A Great Beam of Light for Advanced and for Science!

Diamond Synchrotron

Seven Advanced Mx fire panels have been installed into a groundbreaking scientific facility that promises to answer fundamental questions about everything from the building blocks of life to the origin of our planet.

Diamond is a circular-shaped machine called a synchrotron that uses arrays of magnets, called insertion devices, to generate bright beams of synchrotron light. Around the machine there are a number of research laboratories called beamlines, where scientists independently use the light generated by the machine for a wide variety of experiments.

Synchrotron light is an indispensable tool in many research areas including chemistry, physics, materials science and crystallography. It is also increasingly being exploited by new communities such as medicine, structural genomics and archaeology.

The state of the art site will be the best medium-energy x-ray source in the world and 10,000 times brighter than the UK’s current facility based in Daresbury Laboratory in Cheshire. The Diamond site will house seven rack mounted Mx fire panels on an Ad-NeT network, with up to 14,000 detection points safeguarding the site. A site this size makes full use of the Mx panels peer to peer interface with full cross panel reporting and cause and effect functionality. As well as the powerful ‘Trace’ diagnostics feature which enables highly accurate device monitoring of all loop, sounder and auxiliary outputs.

In the event of a fire the site could potentially be extremely dangerous which is a great testament to the Advanced panel being chosen.Before construction began, engineers carried out detailed analysis of the site, which highlighted the variation in soil properties across the site and the seasonal variation in the water table. To ensure stability, Diamond sits on a sophisticated piling platform, comprising 1,500 concrete piles anchored into the stable layer of hard chalk up to 15 metres below the site’s surface. There is a void between the ground and the slabs for the experimental hall and storage ring, to allow for any movement in the top layers of clay, gravel and broken-down chalk.

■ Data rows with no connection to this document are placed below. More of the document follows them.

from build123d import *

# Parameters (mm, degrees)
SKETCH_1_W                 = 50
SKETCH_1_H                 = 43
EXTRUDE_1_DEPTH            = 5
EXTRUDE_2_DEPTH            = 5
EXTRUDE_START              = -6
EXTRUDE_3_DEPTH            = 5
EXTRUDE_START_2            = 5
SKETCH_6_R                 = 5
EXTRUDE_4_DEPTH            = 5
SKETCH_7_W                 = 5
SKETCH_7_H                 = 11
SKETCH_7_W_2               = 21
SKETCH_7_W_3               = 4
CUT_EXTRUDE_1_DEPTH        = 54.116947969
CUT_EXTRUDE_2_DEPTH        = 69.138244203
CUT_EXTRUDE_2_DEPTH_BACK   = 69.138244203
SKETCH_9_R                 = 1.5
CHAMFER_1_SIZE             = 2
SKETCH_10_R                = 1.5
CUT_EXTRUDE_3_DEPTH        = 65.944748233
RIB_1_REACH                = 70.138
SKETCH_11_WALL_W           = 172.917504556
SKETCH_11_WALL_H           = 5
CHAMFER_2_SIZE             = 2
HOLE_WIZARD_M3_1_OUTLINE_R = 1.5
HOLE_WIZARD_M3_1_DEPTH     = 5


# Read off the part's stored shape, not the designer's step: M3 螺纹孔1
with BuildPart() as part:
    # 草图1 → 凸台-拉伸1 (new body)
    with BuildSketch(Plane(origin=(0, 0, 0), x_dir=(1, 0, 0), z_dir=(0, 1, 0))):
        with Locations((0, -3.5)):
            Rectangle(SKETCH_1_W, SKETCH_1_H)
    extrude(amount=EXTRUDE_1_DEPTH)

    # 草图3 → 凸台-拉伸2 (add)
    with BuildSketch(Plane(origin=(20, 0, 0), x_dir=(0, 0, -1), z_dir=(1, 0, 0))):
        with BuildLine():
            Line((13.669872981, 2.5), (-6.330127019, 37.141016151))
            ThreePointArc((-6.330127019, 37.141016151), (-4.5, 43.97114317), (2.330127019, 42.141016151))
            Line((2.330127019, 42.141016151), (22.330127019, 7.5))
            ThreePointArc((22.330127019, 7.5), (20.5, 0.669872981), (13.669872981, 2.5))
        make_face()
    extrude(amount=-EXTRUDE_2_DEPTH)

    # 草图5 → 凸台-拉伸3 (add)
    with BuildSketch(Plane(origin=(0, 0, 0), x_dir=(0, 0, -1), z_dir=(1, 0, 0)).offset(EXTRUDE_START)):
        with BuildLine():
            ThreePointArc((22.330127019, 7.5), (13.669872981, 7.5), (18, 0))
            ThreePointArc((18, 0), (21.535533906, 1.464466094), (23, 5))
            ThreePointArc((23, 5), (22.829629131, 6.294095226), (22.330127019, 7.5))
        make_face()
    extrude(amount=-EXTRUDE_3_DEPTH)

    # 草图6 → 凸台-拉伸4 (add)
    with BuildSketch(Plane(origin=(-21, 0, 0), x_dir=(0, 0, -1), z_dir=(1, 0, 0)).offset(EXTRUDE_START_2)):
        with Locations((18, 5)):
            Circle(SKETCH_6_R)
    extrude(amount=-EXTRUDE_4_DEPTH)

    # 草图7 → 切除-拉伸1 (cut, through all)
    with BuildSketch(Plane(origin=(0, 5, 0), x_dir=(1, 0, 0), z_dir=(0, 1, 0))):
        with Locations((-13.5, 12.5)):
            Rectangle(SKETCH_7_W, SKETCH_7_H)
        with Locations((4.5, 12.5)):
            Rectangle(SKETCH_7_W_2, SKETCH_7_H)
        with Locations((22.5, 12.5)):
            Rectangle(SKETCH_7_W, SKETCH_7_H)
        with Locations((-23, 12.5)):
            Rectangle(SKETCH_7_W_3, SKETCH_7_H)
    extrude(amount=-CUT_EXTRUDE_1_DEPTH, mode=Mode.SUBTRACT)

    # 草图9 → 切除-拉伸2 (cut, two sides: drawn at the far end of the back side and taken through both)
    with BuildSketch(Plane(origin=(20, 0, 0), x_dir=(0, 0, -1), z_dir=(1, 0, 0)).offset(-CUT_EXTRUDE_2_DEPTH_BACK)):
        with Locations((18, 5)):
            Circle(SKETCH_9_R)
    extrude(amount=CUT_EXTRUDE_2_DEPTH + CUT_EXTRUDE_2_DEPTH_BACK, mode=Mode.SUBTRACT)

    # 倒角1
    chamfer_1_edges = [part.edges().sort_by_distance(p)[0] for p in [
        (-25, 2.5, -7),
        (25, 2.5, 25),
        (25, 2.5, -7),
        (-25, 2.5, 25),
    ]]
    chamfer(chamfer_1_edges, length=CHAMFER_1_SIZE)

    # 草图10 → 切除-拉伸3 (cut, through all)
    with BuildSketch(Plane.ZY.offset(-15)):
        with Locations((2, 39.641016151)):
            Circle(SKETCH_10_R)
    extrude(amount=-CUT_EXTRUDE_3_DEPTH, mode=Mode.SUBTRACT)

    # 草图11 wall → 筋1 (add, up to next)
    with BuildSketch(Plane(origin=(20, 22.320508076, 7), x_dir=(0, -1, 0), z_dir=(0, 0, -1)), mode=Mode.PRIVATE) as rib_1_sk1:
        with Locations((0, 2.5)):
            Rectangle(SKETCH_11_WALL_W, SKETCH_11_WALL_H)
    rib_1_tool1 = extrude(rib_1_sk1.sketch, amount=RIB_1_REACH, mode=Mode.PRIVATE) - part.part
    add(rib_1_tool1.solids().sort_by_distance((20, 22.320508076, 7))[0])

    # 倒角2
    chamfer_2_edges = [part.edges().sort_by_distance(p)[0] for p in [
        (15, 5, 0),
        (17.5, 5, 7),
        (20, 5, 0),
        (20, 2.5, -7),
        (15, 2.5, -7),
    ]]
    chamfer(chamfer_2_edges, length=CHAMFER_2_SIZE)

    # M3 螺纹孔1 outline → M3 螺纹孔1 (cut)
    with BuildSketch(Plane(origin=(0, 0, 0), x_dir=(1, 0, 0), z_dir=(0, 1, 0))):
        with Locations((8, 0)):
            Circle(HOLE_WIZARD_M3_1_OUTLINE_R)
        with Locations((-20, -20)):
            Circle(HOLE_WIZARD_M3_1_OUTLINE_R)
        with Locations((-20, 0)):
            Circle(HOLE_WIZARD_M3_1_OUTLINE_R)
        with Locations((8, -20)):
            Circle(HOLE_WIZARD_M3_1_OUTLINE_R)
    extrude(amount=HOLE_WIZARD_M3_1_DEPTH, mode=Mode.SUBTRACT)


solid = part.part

A further 22 beamlines could be accommodated by installing more than one beamline per insertion device and positioning beamlines on bending magnets. To keep the beam correctly positioned during the experiment, the beamline optics must be extremely stable, both mechanically and thermally. This is quite an engineering challenge, as the intense synchrotron radiation imparts enormous heat loads onto the optics, potentially causing thermal distortion. Engineers have studied assembly practices and materials used at various synchrotron facilities around the world to ensure the best systems are in place at Diamond and beamline stability is ensured.

Ray Hope Managing Director of Advanced Electronics said, “We view this project as one of the most prestigious and technically challenging of 2004/05. The site provides the perfect showcase for the technical capabilities of our panels, paired with Apollo’s Discovery line of detectors. The site at Diamond will become a world renowned hub of scientific breakthrough, and here at Advanced we are proud to be safeguarding such an illustrious building.”